Your task ▸ Below are some records; quote exactly the lines from the one that contains "from .mat file" through the one that contains "Joystick : Subsystem", inclusive, and no others.
————————
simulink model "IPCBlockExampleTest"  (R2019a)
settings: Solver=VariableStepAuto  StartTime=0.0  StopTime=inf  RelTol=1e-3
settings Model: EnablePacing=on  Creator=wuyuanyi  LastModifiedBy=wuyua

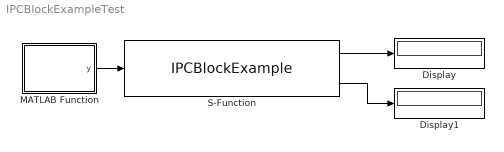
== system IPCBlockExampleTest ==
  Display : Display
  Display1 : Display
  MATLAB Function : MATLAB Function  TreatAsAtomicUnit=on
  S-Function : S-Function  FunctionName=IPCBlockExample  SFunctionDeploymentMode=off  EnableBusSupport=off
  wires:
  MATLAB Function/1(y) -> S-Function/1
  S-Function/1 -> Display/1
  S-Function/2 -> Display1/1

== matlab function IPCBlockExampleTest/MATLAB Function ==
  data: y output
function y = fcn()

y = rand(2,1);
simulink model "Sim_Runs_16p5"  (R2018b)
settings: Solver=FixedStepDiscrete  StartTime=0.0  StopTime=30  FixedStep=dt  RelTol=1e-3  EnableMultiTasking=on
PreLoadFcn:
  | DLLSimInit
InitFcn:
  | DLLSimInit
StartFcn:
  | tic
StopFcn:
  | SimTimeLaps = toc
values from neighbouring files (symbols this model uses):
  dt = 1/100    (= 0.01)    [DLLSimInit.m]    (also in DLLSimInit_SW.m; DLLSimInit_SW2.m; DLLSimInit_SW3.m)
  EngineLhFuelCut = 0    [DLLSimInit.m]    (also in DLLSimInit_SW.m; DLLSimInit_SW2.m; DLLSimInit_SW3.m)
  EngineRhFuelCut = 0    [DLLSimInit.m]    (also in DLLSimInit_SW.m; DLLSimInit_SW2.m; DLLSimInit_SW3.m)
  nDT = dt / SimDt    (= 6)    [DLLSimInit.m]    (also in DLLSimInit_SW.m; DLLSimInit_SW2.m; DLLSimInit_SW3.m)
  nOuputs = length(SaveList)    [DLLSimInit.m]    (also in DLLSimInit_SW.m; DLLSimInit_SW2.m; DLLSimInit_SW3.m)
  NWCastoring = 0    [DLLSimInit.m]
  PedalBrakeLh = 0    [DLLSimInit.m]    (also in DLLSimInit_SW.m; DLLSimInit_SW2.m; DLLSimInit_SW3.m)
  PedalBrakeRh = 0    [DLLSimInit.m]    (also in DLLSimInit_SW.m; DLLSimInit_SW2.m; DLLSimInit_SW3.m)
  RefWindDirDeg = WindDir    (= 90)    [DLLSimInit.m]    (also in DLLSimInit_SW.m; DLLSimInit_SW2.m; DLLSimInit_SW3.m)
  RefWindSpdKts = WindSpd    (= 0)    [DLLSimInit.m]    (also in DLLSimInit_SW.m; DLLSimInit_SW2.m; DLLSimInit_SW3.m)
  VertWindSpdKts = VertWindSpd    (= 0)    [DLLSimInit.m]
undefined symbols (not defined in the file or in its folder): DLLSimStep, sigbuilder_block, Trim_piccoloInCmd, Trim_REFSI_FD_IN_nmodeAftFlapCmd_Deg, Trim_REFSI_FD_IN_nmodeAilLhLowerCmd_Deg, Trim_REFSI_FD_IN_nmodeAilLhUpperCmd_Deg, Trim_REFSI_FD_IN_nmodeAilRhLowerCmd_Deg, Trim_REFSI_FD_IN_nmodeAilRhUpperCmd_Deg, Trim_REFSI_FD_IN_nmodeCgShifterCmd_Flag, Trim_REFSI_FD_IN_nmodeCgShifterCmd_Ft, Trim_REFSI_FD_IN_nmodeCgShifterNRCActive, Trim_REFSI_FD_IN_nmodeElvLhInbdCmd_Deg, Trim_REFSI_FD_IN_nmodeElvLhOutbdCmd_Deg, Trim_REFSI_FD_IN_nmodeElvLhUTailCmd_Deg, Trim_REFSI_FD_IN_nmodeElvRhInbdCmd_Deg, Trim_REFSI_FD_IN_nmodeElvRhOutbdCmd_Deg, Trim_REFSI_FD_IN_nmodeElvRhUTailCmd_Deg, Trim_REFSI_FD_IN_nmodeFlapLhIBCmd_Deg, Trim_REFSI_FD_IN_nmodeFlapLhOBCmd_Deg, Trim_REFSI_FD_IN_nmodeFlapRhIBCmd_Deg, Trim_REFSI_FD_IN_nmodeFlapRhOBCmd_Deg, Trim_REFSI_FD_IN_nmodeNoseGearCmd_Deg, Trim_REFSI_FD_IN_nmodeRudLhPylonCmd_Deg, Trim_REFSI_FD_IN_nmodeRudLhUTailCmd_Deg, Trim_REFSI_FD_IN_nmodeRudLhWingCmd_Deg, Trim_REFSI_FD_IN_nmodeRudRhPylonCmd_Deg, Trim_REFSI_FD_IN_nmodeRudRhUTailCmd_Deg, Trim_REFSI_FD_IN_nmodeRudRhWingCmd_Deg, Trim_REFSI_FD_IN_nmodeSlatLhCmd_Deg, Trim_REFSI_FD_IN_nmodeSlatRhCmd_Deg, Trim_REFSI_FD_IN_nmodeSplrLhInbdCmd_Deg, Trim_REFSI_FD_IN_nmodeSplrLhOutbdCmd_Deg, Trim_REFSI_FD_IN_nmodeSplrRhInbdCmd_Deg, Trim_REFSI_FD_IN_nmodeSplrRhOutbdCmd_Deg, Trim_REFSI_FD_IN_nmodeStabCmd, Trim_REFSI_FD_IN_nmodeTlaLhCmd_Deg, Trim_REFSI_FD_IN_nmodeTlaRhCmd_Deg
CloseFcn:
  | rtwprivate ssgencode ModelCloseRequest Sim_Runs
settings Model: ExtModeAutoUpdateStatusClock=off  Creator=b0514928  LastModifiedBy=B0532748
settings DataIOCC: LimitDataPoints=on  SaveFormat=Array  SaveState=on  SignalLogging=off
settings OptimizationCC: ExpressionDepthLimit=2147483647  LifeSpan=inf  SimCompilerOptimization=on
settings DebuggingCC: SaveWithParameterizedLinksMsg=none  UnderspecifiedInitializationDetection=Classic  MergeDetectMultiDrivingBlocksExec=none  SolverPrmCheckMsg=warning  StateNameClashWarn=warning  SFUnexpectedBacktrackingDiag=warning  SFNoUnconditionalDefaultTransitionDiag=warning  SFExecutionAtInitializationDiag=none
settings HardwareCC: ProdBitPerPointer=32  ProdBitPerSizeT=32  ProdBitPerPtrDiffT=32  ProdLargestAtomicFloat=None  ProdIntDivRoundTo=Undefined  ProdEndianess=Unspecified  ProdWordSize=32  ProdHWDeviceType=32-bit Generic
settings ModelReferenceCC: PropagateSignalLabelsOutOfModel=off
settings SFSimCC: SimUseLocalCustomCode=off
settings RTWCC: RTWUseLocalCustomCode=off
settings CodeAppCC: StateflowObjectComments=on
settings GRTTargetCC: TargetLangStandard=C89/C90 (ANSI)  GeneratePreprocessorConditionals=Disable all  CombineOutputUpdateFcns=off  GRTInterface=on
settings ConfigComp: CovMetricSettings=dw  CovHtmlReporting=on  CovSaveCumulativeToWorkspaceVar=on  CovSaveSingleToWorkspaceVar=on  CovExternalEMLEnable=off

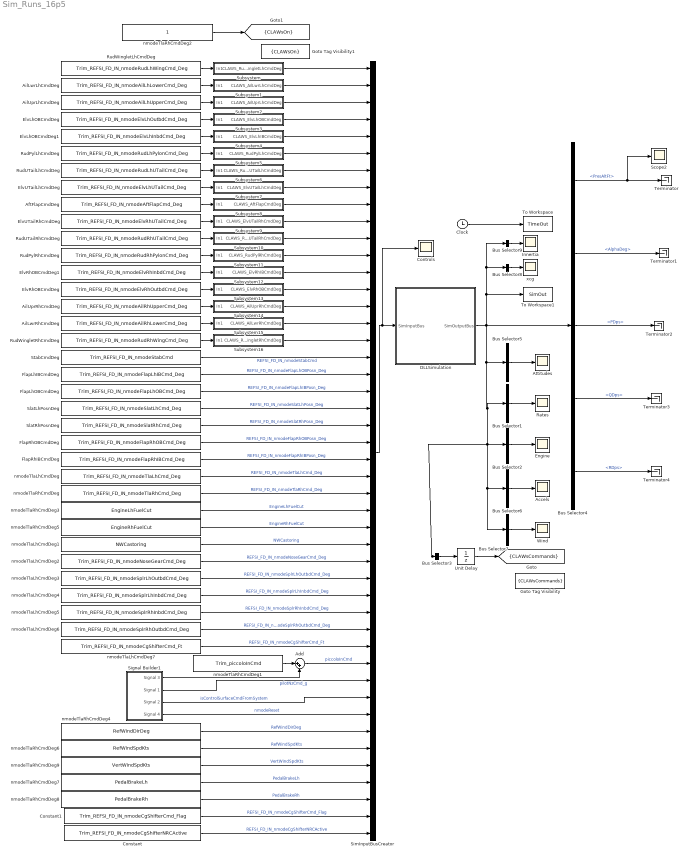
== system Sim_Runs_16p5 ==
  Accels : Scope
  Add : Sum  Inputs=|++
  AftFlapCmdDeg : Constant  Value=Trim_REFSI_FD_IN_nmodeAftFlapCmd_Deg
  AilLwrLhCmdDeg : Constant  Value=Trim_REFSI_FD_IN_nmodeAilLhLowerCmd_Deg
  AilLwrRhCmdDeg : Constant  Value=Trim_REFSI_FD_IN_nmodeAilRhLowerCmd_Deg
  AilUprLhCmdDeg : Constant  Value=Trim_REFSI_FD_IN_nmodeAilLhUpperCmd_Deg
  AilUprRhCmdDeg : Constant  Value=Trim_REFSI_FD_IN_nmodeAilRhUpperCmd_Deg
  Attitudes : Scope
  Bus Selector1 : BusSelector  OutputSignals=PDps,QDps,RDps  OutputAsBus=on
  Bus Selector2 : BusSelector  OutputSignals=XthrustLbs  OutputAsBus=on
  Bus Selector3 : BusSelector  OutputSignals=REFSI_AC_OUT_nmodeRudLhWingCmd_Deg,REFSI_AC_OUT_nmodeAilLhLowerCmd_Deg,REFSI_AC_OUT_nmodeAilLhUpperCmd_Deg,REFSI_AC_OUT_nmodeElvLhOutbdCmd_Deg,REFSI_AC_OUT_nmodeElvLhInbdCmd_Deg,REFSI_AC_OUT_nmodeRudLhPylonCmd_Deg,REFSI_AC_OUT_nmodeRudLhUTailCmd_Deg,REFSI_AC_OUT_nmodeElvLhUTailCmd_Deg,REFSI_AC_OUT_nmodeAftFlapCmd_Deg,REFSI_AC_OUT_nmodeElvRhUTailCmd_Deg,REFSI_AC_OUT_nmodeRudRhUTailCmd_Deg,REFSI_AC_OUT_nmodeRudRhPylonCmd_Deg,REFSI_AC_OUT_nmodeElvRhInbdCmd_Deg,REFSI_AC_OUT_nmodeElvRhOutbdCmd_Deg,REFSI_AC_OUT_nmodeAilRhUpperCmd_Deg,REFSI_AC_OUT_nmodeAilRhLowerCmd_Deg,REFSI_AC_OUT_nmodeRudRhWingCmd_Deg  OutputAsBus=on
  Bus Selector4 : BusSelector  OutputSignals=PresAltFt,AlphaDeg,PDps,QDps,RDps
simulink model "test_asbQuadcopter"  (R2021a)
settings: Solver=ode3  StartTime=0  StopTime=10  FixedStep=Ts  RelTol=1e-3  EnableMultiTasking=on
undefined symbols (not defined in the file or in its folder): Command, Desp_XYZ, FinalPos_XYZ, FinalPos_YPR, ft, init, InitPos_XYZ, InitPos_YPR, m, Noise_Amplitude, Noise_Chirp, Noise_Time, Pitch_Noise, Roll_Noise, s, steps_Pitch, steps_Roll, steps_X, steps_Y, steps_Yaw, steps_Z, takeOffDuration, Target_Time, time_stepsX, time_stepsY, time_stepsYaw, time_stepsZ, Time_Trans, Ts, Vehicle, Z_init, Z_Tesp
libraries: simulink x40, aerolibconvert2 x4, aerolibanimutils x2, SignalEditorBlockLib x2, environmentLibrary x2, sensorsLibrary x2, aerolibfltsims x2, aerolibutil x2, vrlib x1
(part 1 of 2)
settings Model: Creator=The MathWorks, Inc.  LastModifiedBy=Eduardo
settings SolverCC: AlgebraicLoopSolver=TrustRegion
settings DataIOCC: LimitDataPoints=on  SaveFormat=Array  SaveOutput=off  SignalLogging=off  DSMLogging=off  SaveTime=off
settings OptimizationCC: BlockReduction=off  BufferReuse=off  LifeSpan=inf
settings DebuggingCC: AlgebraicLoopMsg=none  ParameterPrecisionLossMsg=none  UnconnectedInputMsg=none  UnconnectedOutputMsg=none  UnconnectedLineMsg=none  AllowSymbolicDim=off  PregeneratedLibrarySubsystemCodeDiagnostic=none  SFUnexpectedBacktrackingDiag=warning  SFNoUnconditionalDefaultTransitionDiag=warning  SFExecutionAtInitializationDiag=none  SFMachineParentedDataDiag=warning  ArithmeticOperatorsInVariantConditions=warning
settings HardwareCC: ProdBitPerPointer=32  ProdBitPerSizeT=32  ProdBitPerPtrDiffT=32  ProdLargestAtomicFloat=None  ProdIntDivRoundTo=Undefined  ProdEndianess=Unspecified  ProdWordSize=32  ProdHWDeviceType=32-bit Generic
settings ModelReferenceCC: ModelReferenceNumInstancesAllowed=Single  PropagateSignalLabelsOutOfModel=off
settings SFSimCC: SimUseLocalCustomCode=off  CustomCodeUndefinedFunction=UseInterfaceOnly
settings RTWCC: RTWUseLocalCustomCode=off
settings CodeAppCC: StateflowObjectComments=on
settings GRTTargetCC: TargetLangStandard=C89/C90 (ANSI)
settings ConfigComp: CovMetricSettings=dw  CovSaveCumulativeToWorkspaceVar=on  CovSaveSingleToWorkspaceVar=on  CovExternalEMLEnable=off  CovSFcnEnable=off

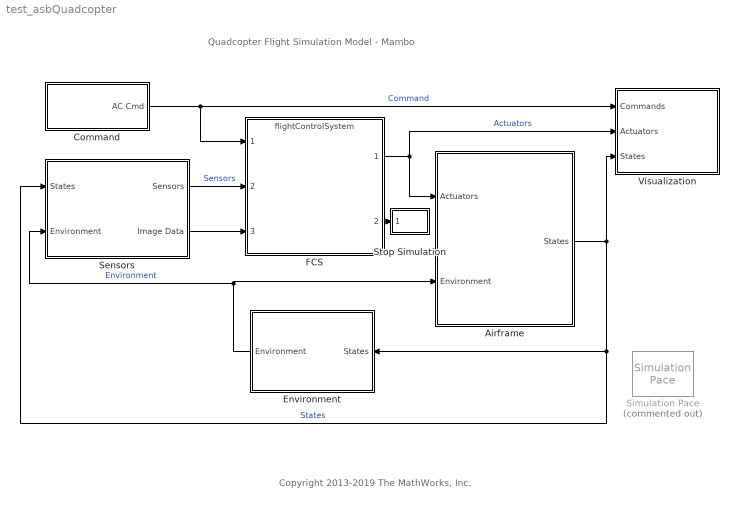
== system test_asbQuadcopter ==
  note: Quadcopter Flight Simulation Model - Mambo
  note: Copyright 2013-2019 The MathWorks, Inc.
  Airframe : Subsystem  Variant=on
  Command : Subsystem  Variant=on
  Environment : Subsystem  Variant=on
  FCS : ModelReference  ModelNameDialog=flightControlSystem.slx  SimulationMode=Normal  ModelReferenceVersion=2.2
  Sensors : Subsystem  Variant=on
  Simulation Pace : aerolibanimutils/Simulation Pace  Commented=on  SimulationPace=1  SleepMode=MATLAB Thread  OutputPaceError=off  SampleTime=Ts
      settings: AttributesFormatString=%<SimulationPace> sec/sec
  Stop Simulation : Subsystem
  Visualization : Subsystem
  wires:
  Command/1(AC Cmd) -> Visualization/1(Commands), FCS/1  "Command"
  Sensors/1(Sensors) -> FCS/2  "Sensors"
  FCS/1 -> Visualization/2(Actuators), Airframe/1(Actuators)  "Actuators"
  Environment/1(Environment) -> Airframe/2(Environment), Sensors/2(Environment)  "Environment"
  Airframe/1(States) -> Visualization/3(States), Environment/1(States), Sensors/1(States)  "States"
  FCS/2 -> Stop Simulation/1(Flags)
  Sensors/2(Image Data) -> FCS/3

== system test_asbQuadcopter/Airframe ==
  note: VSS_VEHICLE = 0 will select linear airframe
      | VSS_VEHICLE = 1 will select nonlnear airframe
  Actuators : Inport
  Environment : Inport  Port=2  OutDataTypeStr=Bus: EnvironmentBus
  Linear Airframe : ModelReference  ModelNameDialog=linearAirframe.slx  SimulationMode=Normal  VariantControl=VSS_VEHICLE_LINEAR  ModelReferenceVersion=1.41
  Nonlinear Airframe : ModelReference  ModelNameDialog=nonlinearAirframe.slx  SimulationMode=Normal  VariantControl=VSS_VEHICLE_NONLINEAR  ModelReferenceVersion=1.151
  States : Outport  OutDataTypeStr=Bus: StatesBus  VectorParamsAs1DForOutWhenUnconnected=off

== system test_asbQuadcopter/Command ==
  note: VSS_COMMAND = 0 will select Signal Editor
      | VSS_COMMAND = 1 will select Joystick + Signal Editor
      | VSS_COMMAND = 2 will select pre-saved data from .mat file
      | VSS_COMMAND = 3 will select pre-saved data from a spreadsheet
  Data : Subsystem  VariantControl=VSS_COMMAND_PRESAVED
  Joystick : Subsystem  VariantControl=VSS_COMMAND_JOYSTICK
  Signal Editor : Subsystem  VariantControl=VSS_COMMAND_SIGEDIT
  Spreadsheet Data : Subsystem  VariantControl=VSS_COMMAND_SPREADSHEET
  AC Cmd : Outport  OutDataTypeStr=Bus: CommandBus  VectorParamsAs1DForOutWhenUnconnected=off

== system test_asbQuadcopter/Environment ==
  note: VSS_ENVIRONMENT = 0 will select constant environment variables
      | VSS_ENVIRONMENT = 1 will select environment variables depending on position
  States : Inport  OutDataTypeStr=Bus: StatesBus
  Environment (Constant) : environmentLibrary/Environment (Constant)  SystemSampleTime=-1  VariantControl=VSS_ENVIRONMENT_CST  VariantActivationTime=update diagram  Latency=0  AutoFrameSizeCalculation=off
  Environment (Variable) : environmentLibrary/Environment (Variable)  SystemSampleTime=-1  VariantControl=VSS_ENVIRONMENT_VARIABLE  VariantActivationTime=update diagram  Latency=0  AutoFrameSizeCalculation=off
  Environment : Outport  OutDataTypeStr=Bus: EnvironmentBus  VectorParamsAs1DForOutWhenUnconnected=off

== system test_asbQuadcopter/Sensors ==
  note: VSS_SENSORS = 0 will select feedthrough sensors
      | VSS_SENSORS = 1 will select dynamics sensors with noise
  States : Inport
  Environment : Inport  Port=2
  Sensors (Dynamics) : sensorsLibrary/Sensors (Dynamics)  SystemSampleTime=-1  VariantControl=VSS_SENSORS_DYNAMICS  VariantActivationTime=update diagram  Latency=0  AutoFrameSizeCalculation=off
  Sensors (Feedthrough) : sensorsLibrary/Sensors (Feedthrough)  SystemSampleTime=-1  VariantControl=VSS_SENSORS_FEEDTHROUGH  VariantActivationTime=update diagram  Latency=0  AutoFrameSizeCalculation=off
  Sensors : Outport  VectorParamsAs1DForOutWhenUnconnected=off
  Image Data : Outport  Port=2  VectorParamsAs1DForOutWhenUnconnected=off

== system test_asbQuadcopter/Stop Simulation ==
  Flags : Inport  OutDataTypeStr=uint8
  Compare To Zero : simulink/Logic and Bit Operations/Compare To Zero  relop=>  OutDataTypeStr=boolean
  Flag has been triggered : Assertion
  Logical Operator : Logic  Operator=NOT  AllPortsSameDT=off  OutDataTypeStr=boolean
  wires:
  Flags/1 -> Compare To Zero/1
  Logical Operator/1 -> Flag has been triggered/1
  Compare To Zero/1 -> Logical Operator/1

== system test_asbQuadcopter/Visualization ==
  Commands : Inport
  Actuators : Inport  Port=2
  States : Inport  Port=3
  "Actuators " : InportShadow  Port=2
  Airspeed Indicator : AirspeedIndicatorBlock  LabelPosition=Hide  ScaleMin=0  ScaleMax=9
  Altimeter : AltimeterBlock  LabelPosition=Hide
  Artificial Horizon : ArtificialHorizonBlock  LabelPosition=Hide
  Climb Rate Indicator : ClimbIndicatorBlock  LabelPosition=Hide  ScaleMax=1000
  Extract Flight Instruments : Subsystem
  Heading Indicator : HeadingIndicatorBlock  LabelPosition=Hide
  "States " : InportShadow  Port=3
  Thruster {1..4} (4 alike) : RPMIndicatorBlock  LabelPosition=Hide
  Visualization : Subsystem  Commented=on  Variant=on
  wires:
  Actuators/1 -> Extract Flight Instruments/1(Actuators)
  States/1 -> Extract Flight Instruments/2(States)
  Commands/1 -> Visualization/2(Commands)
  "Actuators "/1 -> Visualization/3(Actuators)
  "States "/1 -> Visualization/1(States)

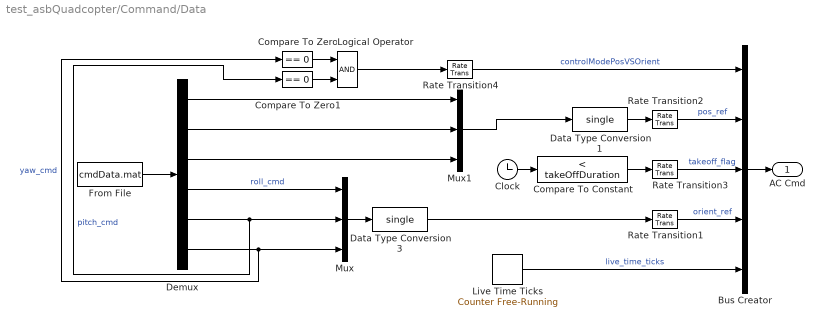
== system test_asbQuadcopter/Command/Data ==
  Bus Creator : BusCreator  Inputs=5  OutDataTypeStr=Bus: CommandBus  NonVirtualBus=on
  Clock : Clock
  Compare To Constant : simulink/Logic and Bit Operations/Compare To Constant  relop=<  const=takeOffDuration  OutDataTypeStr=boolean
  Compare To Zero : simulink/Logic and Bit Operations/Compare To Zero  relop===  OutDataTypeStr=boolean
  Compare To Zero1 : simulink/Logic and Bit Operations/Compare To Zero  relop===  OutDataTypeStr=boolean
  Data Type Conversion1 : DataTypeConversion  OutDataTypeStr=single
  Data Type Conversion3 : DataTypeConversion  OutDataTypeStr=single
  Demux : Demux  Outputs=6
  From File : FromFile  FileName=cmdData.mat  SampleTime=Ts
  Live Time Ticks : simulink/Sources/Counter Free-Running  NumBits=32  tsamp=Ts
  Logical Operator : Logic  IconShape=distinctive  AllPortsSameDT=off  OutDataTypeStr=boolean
————————
Output of the task ▸
      | VSS_COMMAND = 2 will select pre-saved data from .mat file
      | VSS_COMMAND = 3 will select pre-saved data from a spreadsheet
  Data : Subsystem  VariantControl=VSS_COMMAND_PRESAVED
  Joystick : Subsystem  VariantControl=VSS_COMMAND_JOYSTICK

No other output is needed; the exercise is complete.